Trivedi Omita A, Arora Pooja, Vats Archana, Ansari Mohd Zeeshan, Tickoo Rashmi, Sridharan Vijayalakshmi, Mohanty Debasisa, Gokhale Rajesh S
National Institute of Immunology, Aruna Asaf Ali Marg, New Delhi 110 067, India.
Mol Cell. 2005 Mar 4;17(5):631-43. doi: 10.1016/j.molcel.2005.02.009.

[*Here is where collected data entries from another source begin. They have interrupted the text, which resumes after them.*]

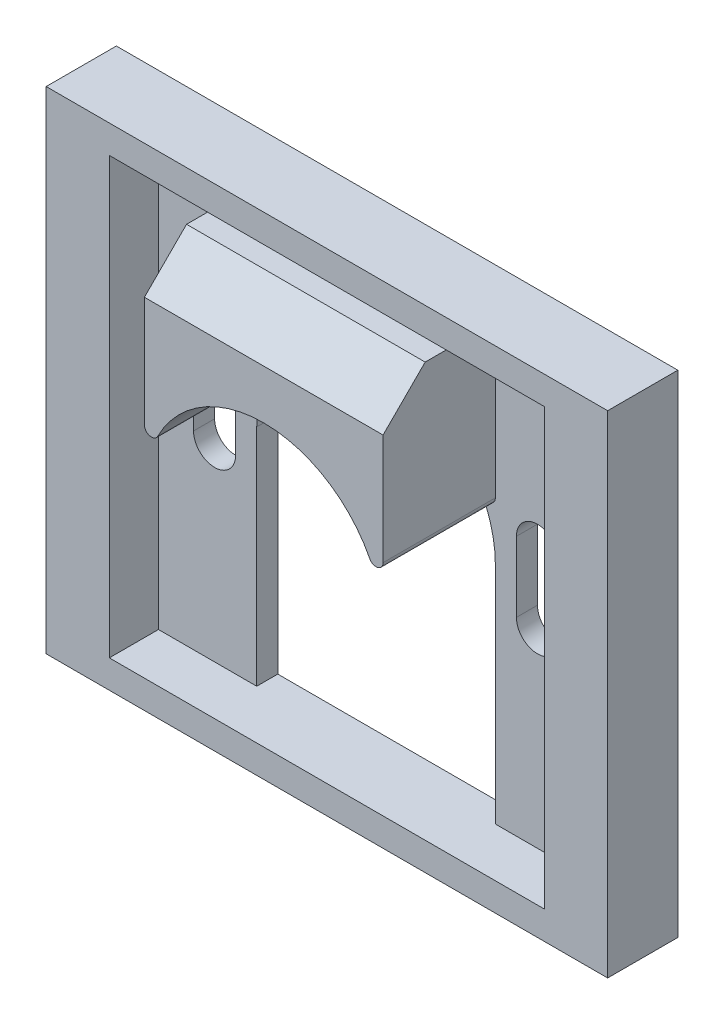
from build123d import *

# Parameters (mm, degrees)
SKETCH_1_W          = 40
SKETCH_1_H          = 30
EXTRUDE_1_DEPTH     = 5
SKETCH_2_W          = 31
SKETCH_2_H          = 28
CUT_EXTRUDE_1_DEPTH = 3.5
CUT_EXTRUDE_2_DEPTH = 26.243811123
EXTRUDE_START       = 8
EXTRUDE_2_DEPTH     = 8
FILLET_START        = 1.5
FILLET_1_DEPTH      = 8.5
CHAMFER_1_SIZE      = 3
EXTRUDE_3_DEPTH     = 5
SKETCH_7_W          = 7
SKETCH_7_H          = 3
EXTRUDE_4_DEPTH     = 1.5


with BuildPart() as part:
    # ｽｹｯﾁ1 → ﾎﾞｽ - 押し出し1 (new body)
    with BuildSketch(Plane.XY):
        Rectangle(SKETCH_1_W, SKETCH_1_H)
    extrude(amount=EXTRUDE_1_DEPTH)

    # ｽｹｯﾁ2 → ｶｯﾄ - 押し出し1 (cut)
    with BuildSketch(Plane.XY.offset(5)):
        with Locations((0, -1)):
            Rectangle(SKETCH_2_W, SKETCH_2_H)
    extrude(amount=-CUT_EXTRUDE_1_DEPTH, mode=Mode.SUBTRACT)

    # ｽｹｯﾁ3 → ｶｯﾄ - 押し出し2 (cut, through all)
    with BuildSketch(Plane.XY.offset(1.5)):
        with BuildLine():
            Line((8.5, -2), (8.5, -15))
            Line((8.5, -15), (-8.5, -15))
            Line((-8.5, -15), (-8.5, -2))
            ThreePointArc((-8.5, -2), (0, 6.5), (8.5, -2))
        make_face()
        with BuildLine():
            Line((13, -4.5), (13, 0.5))
            ThreePointArc((13, 0.5), (11.5, 2), (10, 0.5))
            Line((10, 0.5), (10, -4.5))
            ThreePointArc((10, -4.5), (11.5, -6), (13, -4.5))
        make_face()
        with BuildLine():
            Line((-13, -4.5), (-13, 0.5))
            ThreePointArc((-13, 0.5), (-11.5, 2), (-10, 0.5))
            Line((-10, 0.5), (-10, -4.5))
            ThreePointArc((-10, -4.5), (-11.5, -6), (-13, -4.5))
        make_face()
    extrude(amount=-CUT_EXTRUDE_2_DEPTH, mode=Mode.SUBTRACT)

    # ｽｹｯﾁ4 → ﾎﾞｽ - 押し出し2 (add)
    with BuildSketch(Plane.XY.offset(1.5).offset(EXTRUDE_START)):
        with BuildLine():
            Line((-8.5, -2), (-8.5, 13))
            Line((-8.5, 13), (8.5, 13))
            Line((8.5, 13), (8.5, -2))
            ThreePointArc((8.5, -2), (0, 6.5), (-8.5, -2))
        make_face()
    extrude(amount=-EXTRUDE_2_DEPTH)

    # ﾌｨﾚｯﾄ1: read off the stored shape, not the designer's step
    # ﾌｨﾚｯﾄ1 outline → ﾌｨﾚｯﾄ1 (cut)
    with BuildSketch(Plane.XY.offset(FILLET_START)):
        with BuildLine():
            ThreePointArc((8.5, 2.123105626), (8.117851131, 1.637192968), (7.555555556, 1.894044202))
            ThreePointArc((7.555555556, 1.894044202), (8.260515184, 0.003469213), (8.5, -2))
            Line((8.5, -2), (8.5, 2.123105626))
        make_face()
        with BuildLine():
            ThreePointArc((-7.555555556, 1.894044202), (-8.117851131, 1.637192968), (-8.5, 2.123105626))
            Line((-8.5, 2.123105626), (-8.5, -2))
            ThreePointArc((-8.5, -2), (-8.260515184, 0.003469213), (-7.555555556, 1.894044202))
        make_face()
    extrude(amount=FILLET_1_DEPTH, mode=Mode.SUBTRACT)

    # 面取り1
    chamfer_1_edges = [part.edges().sort_by_distance(p)[0] for p in [
        (0, 13, 9.5),
    ]]
    chamfer(chamfer_1_edges, length=CHAMFER_1_SIZE)

    # ｽｹｯﾁ5 → ﾎﾞｽ - 押し出し3 (add)
    with BuildSketch(Plane(origin=(0, 0, 0), x_dir=(-1, 0, 0), z_dir=(0, 0, -1))):
        Polygon((-15.5, -15), (-20, -15), (-20, -20), (20, -20), (20, -15), (15.5, -15), (15.5, -18), (8.5, -18), (-8.5, -18), (-15.5, -18), align=None)
    extrude(amount=-EXTRUDE_3_DEPTH)

    # ｽｹｯﾁ7 → ﾎﾞｽ - 押し出し4 (add)
    with BuildSketch(Plane(origin=(0, 0, 0), x_dir=(-1, 0, 0), z_dir=(0, 0, -1))):
        with Locations((12, -16.5)):
            Rectangle(SKETCH_7_W, SKETCH_7_H)
        with Locations((-12, -16.5)):
            Rectangle(SKETCH_7_W, SKETCH_7_H)
    extrude(amount=-EXTRUDE_4_DEPTH)


solid = part.part

Mycobacterium tuberculosis cell envelope is a treasure house of biologically active lipids of fascinating molecular architecture. Although genetic studies have alluded to an array of genes in biosynthesis of complex lipids, their mechanistic, structural, and biochemical principles have not been investigated. Here, we have dissected the molecular logic underlying the biosynthesis of a virulence lipid phthiocerol dimycocerosate (PDIM). Cell-free reconstitution studies demonstrate that polyketide synthases, which are usually involved in the biosynthesis of secondary metabolites, are responsible for generating complex lipids in mycobacteria. We show that PapA5 protein directly transfers the protein bound mycocerosic acid analogs on phthiocerol to catalyze the final esterification step. Based on precise identification of biological functions of proteins from Pps cluster, we have rationally produced a nonmethylated variant of mycocerosate esters. Apart from elucidating mechanisms that generate chemical heterogeneity with PDIMs, this study also presents an attractive approach to explore host-pathogen interactions by altering mycobacterial surface coat.
结核分枝杆菌的细胞包膜是一个充满具有迷人分子结构的生物活性脂质的宝库。尽管遗传学研究已经提及了一系列参与复杂脂质生物合成的基因,但它们的机制、结构和生化原理尚未得到研究。在此,我们剖析了毒力脂质结核硬脂酸双分枝菌酸酯(PDIM)生物合成背后的分子逻辑。无细胞重建研究表明,通常参与次生代谢物生物合成的聚酮合酶负责在分枝杆菌中生成复杂脂质。我们发现PapA5蛋白直接将与蛋白质结合的分枝菌酸类似物转移到结核硬脂醇上,以催化最后的酯化步骤。基于对来自Pps簇的蛋白质生物学功能的精确鉴定,我们合理地制备了一种非甲基化的分枝菌酸酯变体。除了阐明产生具有化学异质性的PDIMs的机制外,本研究还提出了一种通过改变分枝杆菌表面包膜来探索宿主-病原体相互作用的有吸引力的方法。